(Records from a data collection)
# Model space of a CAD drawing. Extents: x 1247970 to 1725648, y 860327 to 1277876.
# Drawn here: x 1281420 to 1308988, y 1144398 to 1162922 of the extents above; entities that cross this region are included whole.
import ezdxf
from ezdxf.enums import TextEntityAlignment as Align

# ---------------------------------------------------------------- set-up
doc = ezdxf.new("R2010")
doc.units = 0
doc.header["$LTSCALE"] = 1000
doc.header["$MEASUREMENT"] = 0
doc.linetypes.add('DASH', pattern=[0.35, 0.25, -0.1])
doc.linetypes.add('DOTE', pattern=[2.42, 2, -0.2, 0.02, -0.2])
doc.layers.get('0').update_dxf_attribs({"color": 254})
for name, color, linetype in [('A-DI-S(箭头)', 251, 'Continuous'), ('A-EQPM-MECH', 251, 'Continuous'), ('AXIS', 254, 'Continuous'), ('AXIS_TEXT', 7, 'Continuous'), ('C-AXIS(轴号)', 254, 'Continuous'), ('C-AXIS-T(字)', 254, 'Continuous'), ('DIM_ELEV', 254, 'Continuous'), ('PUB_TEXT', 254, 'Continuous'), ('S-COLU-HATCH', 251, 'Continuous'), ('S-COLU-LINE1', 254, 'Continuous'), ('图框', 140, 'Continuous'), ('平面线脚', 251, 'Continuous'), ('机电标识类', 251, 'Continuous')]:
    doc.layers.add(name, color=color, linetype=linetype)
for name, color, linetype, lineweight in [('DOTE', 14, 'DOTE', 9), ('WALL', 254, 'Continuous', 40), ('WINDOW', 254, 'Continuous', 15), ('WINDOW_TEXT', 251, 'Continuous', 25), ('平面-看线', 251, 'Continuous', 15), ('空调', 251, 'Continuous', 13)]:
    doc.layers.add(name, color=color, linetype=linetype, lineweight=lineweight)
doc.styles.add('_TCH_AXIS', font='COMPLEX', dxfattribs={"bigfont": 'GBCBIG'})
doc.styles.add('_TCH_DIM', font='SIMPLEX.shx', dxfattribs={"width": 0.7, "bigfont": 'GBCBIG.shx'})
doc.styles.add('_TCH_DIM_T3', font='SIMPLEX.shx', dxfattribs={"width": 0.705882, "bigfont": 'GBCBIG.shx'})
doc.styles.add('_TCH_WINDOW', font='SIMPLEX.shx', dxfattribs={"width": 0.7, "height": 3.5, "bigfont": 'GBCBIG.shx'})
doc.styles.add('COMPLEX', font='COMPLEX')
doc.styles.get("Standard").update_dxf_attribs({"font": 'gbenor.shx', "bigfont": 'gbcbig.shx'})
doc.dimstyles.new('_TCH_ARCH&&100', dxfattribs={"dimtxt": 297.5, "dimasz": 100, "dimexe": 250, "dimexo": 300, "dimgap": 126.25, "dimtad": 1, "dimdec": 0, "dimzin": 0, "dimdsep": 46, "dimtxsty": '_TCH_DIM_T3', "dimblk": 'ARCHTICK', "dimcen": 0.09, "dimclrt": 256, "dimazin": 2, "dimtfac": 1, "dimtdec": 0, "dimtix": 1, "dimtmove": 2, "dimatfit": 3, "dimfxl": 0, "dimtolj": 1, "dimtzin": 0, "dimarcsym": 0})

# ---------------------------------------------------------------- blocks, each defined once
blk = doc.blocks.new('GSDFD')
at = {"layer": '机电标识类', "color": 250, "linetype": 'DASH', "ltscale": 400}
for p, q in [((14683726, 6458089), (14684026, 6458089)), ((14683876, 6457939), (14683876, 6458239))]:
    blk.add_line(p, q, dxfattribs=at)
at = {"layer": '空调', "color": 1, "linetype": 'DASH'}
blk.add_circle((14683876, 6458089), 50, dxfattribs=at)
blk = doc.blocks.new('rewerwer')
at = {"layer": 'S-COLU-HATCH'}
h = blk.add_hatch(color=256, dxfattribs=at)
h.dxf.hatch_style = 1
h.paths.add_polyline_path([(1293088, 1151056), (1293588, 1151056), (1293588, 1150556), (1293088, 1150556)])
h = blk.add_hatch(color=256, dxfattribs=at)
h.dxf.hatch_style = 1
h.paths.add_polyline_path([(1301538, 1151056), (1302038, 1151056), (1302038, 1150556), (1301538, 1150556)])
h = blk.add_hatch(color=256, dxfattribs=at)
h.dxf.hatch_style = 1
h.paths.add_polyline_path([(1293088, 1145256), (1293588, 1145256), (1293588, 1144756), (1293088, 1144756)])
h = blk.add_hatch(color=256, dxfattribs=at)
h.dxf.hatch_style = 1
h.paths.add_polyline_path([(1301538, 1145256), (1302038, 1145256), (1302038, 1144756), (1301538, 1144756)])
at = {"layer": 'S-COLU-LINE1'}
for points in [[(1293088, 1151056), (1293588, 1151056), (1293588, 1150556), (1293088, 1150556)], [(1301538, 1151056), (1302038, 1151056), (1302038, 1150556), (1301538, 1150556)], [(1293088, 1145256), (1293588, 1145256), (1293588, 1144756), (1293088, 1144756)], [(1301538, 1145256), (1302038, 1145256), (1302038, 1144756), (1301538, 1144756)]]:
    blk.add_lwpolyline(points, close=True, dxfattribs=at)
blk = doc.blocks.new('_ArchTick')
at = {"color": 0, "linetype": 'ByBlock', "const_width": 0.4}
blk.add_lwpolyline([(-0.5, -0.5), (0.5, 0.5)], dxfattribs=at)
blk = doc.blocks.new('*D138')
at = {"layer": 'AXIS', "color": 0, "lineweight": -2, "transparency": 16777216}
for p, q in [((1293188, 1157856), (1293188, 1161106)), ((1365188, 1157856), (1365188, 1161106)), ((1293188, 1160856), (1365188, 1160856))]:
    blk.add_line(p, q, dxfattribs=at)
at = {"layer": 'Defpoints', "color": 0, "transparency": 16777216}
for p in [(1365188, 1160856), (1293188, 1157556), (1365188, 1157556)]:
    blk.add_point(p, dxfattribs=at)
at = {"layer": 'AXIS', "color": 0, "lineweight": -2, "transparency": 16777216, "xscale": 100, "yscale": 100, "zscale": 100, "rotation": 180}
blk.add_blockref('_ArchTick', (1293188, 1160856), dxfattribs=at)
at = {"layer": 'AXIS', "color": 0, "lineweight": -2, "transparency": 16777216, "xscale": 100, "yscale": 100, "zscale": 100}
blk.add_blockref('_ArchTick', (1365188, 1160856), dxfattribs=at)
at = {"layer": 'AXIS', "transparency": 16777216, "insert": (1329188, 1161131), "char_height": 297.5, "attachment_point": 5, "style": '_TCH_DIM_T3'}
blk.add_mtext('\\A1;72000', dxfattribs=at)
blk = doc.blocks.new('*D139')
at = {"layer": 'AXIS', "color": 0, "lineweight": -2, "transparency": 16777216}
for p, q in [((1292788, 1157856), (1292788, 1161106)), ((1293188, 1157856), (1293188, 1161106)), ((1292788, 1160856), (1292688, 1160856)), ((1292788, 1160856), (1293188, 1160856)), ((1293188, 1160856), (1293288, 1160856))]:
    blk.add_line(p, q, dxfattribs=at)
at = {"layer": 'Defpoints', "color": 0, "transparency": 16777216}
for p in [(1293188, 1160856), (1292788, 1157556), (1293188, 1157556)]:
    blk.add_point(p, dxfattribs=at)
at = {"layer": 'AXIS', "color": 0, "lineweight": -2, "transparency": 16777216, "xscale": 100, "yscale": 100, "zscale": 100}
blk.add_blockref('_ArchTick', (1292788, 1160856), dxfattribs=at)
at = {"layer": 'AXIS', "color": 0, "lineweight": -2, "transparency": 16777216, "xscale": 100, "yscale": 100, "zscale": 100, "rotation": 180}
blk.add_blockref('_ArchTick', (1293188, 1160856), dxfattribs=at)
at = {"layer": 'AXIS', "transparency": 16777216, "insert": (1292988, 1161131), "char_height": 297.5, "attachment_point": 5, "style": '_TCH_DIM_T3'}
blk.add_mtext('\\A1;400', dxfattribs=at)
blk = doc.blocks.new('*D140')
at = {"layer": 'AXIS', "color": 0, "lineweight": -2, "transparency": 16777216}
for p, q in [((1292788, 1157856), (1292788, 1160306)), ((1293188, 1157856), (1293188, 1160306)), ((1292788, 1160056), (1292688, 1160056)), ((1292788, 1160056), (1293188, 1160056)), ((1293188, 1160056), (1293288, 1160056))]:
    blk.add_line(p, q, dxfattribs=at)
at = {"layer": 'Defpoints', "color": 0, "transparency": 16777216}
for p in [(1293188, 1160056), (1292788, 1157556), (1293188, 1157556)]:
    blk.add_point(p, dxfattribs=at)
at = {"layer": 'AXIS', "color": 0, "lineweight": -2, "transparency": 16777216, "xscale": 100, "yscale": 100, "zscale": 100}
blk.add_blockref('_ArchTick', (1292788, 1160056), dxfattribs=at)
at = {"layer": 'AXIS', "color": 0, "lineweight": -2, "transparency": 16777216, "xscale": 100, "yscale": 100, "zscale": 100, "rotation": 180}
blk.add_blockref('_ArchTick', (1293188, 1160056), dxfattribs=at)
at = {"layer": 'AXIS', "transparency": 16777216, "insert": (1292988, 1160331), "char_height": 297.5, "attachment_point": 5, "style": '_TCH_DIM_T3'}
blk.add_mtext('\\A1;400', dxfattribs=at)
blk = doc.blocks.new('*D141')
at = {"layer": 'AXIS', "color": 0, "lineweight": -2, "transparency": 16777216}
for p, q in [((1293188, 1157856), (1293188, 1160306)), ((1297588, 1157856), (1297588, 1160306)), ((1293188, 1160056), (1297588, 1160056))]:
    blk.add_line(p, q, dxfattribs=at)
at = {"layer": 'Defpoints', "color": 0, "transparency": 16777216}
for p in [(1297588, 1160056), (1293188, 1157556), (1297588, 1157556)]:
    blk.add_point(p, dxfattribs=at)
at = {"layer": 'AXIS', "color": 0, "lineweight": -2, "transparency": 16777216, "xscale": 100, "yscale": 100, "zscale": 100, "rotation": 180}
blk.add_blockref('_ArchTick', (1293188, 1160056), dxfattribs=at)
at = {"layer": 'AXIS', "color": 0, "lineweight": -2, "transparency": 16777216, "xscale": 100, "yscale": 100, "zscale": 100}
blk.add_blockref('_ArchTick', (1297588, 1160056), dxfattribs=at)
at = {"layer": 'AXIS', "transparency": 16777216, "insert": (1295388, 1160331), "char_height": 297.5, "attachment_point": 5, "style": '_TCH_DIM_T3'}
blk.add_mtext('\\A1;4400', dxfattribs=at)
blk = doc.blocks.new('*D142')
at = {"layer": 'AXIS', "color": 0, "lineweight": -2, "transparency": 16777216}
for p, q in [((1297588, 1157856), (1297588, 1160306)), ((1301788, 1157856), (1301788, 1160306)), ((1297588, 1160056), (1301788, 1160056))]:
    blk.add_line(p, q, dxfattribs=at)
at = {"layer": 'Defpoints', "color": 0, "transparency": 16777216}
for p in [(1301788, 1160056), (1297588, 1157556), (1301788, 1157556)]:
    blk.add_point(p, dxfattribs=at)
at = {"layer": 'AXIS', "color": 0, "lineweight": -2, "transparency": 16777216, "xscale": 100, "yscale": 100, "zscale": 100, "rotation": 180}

## PROBLEM TO SOLVE:
Word for word, set down the lines from the beginning of the records through the line that holds "doc.linetypes.add('DOTE', pattern=[2.42, 2, -0.2, 0.02, -0.2])". Leave out the rest.

## RESULT OF THE EXERCISE:
# Model space of a CAD drawing. Extents: x 1247970 to 1725648, y 860327 to 1277876.
# Drawn here: x 1281420 to 1308988, y 1144398 to 1162922 of the extents above; entities that cross this region are included whole.
import ezdxf
from ezdxf.enums import TextEntityAlignment as Align

# ---------------------------------------------------------------- set-up
doc = ezdxf.new("R2010")
doc.units = 0
doc.header["$LTSCALE"] = 1000
doc.header["$MEASUREMENT"] = 0
doc.linetypes.add('DASH', pattern=[0.35, 0.25, -0.1])
doc.linetypes.add('DOTE', pattern=[2.42, 2, -0.2, 0.02, -0.2])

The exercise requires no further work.